| RECORDS FOR THE EXERCISE |
┌──
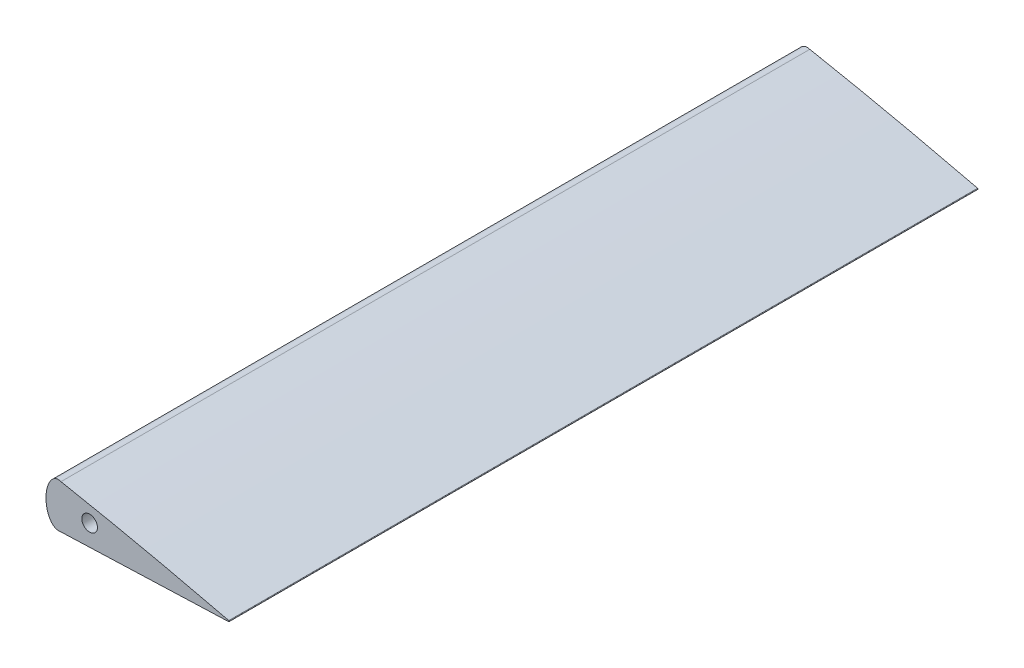
ISO-10303-21;
HEADER;
FILE_DESCRIPTION(('STEP AP214'),'2;1');
FILE_NAME('part.step','',(''),(''),'','','');
FILE_SCHEMA(('AUTOMOTIVE_DESIGN { 1 0 10303 214 1 1 1 1 }'));
ENDSEC;
DATA;
#1=APPLICATION_CONTEXT('core data for automotive mechanical design processes');
#2=APPLICATION_PROTOCOL_DEFINITION('international standard','automotive_design',2000,#1);
#3=PRODUCT_CONTEXT('',#1,'mechanical');
#4=PRODUCT('Part','Part','',(#3));
#5=PRODUCT_RELATED_PRODUCT_CATEGORY('part','',(#4));
#6=PRODUCT_DEFINITION_FORMATION('','',#4);
#7=PRODUCT_DEFINITION_CONTEXT('part definition',#1,'design');
#8=PRODUCT_DEFINITION('design','',#6,#7);
#9=PRODUCT_DEFINITION_SHAPE('','',#8);
#10=(LENGTH_UNIT() NAMED_UNIT(*) SI_UNIT(.MILLI.,.METRE.));
#11=(NAMED_UNIT(*) PLANE_ANGLE_UNIT() SI_UNIT($,.RADIAN.));
#12=(NAMED_UNIT(*) SI_UNIT($,.STERADIAN.) SOLID_ANGLE_UNIT());
#13=UNCERTAINTY_MEASURE_WITH_UNIT(LENGTH_MEASURE(1.E-05),#10,'distance_accuracy_value','');
#14=(GEOMETRIC_REPRESENTATION_CONTEXT(3) GLOBAL_UNCERTAINTY_ASSIGNED_CONTEXT((#13)) GLOBAL_UNIT_ASSIGNED_CONTEXT((#10,
#11,#12)) REPRESENTATION_CONTEXT('',''));
#15=CARTESIAN_POINT('',(0.,0.,0.));
#16=DIRECTION('',(0.,0.,1.));
#17=DIRECTION('',(1.,0.,0.));
#18=AXIS2_PLACEMENT_3D('',#15,#16,#17);
#19=CARTESIAN_POINT('',(164.,0.098236,1246.6));
#20=CARTESIAN_POINT('',(163.453347386671,0.227855350458952,1246.6));
#21=CARTESIAN_POINT('',(162.360115671758,0.487076620664547,1246.6));
#22=CARTESIAN_POINT('',(160.720174081031,0.8748027913242,1246.6));
#23=CARTESIAN_POINT('',(159.080335299599,1.2611135108875,1246.6));
#24=CARTESIAN_POINT('',(156.894331895889,1.77189659204999,1246.6));
#25=CARTESIAN_POINT('',(154.161962419369,2.40100802385925,1246.6));
#26=CARTESIAN_POINT('',(150.881840500926,3.1375256901344,1246.6));
#27=CARTESIAN_POINT('',(147.601664877829,3.85659449964915,1246.6));
#28=CARTESIAN_POINT('',(144.321701501382,4.55985226737601,1246.6));
#29=CARTESIAN_POINT('',(141.041699291482,5.24621809732109,1246.6));
#30=CARTESIAN_POINT('',(137.761756820069,5.91557197661805,1246.6));
#31=CARTESIAN_POINT('',(134.481686048208,6.56653427941028,1246.6));
#32=CARTESIAN_POINT('',(131.201761117117,7.19989778417141,1246.6));
#33=CARTESIAN_POINT('',(127.921667907918,7.81375356606383,1246.6));
#34=CARTESIAN_POINT('',(124.641700877236,8.40917183607385,1246.6));
#35=CARTESIAN_POINT('',(121.361597548386,8.98464976190136,1246.6));
#36=CARTESIAN_POINT('',(118.081600920828,9.54128435164297,1246.6));
#37=CARTESIAN_POINT('',(114.801560540038,10.0780590298297,1246.6));
#38=CARTESIAN_POINT('',(111.521600724131,10.5950345799163,1246.6));
#39=CARTESIAN_POINT('',(108.241713881351,11.0909646842955,1246.6));
#40=CARTESIAN_POINT('',(104.961715387484,11.5629261888805,1246.6));
#41=CARTESIAN_POINT('',(101.681785544589,12.0101669419683,1246.6));
#42=CARTESIAN_POINT('',(98.4017469245326,12.4297089334238,1246.6));
#43=CARTESIAN_POINT('',(95.1216630030627,12.8204998785934,1246.6));
#44=CARTESIAN_POINT('',(91.8415424202874,13.1818311954848,1246.6));
#45=CARTESIAN_POINT('',(88.5614135801748,13.5136296911863,1246.6));
#46=CARTESIAN_POINT('',(85.2812830129089,13.815893693455,1246.6));
#47=CARTESIAN_POINT('',(82.0011692178232,14.0886945475444,1246.6));
#48=CARTESIAN_POINT('',(78.721094583004,14.3317408411769,1246.6));
#49=CARTESIAN_POINT('',(75.4410212023817,14.5431745258036,1246.6));
#50=CARTESIAN_POINT('',(72.1608949429442,14.7199129290163,1246.6));
#51=CARTESIAN_POINT('',(68.8807258367621,14.8594278594699,1246.6));
#52=CARTESIAN_POINT('',(65.6005029177586,14.9591611868157,1246.6));
#53=CARTESIAN_POINT('',(62.3202248877231,15.0161184911894,1246.6));
#54=CARTESIAN_POINT('',(59.0399904849592,15.0330111129914,1246.6));
#55=CARTESIAN_POINT('',(55.7598149007794,15.012803506004,1246.6));
#56=CARTESIAN_POINT('',(52.4796814465771,14.9596338867567,1246.6));
#57=CARTESIAN_POINT('',(49.1996020231385,14.8756453845849,1246.6));
#58=CARTESIAN_POINT('',(45.9192330465041,14.7668246976276,1246.6));
#59=CARTESIAN_POINT('',(42.6385376039657,14.6188266715463,1246.6));
#60=CARTESIAN_POINT('',(39.3574161799392,14.4160226283782,1246.6));
#61=CARTESIAN_POINT('',(36.0757975000136,14.1416033611045,1246.6));
#62=CARTESIAN_POINT('',(32.7935336386632,13.7797355777745,1246.6));
#63=CARTESIAN_POINT('',(29.5117490863587,13.311848816541,1246.6));
#64=CARTESIAN_POINT('',(26.2304347877456,12.7369411502886,1246.6));
#65=CARTESIAN_POINT('',(22.9482106391067,12.0590867159985,1246.6));
#66=CARTESIAN_POINT('',(19.6639743780453,11.2714313088833,1246.6));
#67=CARTESIAN_POINT('',(16.3781154279843,10.3517379968201,1246.6));
#68=CARTESIAN_POINT('',(13.0927390351379,9.27164991130654,1246.6));
#69=CARTESIAN_POINT('',(10.3581556975564,8.23985590536731,1246.6));
#70=CARTESIAN_POINT('',(8.17874341440028,7.26915270171108,1246.6));
#71=CARTESIAN_POINT('',(6.52711920655236,6.42362871815544,1246.6));
#72=CARTESIAN_POINT('',(4.8606326051585,5.41901455288728,1246.6));
#73=CARTESIAN_POINT('',(3.32216784213193,4.2467281999024,1246.6));
#74=CARTESIAN_POINT('',(2.16677990383352,3.13421853144612,1246.6));
#75=CARTESIAN_POINT('',(1.28484362701116,2.24003834899123,1246.6));
#76=CARTESIAN_POINT('',(0.72477847607304,1.58632625202643,1246.6));
#77=CARTESIAN_POINT('',(0.35648721556683,1.02371456627432,1246.6));
#78=CARTESIAN_POINT('',(0.176338644180926,0.655158851073157,1246.6));
#79=CARTESIAN_POINT('',(0.0612611395106372,0.337632955086773,1246.6));
#80=CARTESIAN_POINT('',(-0.0429121865202662,-0.121140296790297,1246.6));
#81=CARTESIAN_POINT('',(0.010077208925072,-0.598533270573657,1246.6));
#82=CARTESIAN_POINT('',(0.176198667745624,-1.01407787652228,1246.6));
#83=CARTESIAN_POINT('',(0.354673421549138,-1.34452507475123,1246.6));
#84=CARTESIAN_POINT('',(0.717110179714685,-1.82624030553599,1246.6));
#85=CARTESIAN_POINT('',(1.26977260153434,-2.33677484867151,1246.6));
#86=CARTESIAN_POINT('',(2.13175393776129,-2.92020441398472,1246.6));
#87=CARTESIAN_POINT('',(3.35494447776376,-3.3927891066928,1246.6));
#88=CARTESIAN_POINT('',(4.91531848514269,-3.70716670555496,1246.6));
#89=CARTESIAN_POINT('',(6.55415647727891,-4.03304969461932,1246.6));
#90=CARTESIAN_POINT('',(8.19533877766632,-4.28351567057608,1246.6));
#91=CARTESIAN_POINT('',(10.3822695733583,-4.51540047764127,1246.6));
#92=CARTESIAN_POINT('',(13.1186249251783,-4.67265304154677,1246.6));
#93=CARTESIAN_POINT('',(16.3988579729893,-4.82847557553279,1246.6));
#94=CARTESIAN_POINT('',(19.6794940200121,-4.9221269224633,1246.6));
#95=CARTESIAN_POINT('',(22.9598439452861,-4.96653444382741,1246.6));
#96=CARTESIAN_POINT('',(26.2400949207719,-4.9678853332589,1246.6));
└──
| ABOUT THIS TASK |
Both ends included, copy word for word the lines from the top of the entries above through the line with "#10=(LENGTH_UNIT() NAMED_UNIT(*) SI_UNIT(.MILLI.,.METRE.));". No pictures.

| SOLVED PROBLEM |
ISO-10303-21;
HEADER;
FILE_DESCRIPTION(('STEP AP214'),'2;1');
FILE_NAME('part.step','',(''),(''),'','','');
FILE_SCHEMA(('AUTOMOTIVE_DESIGN { 1 0 10303 214 1 1 1 1 }'));
ENDSEC;
DATA;
#1=APPLICATION_CONTEXT('core data for automotive mechanical design processes');
#2=APPLICATION_PROTOCOL_DEFINITION('international standard','automotive_design',2000,#1);
#3=PRODUCT_CONTEXT('',#1,'mechanical');
#4=PRODUCT('Part','Part','',(#3));
#5=PRODUCT_RELATED_PRODUCT_CATEGORY('part','',(#4));
#6=PRODUCT_DEFINITION_FORMATION('','',#4);
#7=PRODUCT_DEFINITION_CONTEXT('part definition',#1,'design');
#8=PRODUCT_DEFINITION('design','',#6,#7);
#9=PRODUCT_DEFINITION_SHAPE('','',#8);
#10=(LENGTH_UNIT() NAMED_UNIT(*) SI_UNIT(.MILLI.,.METRE.));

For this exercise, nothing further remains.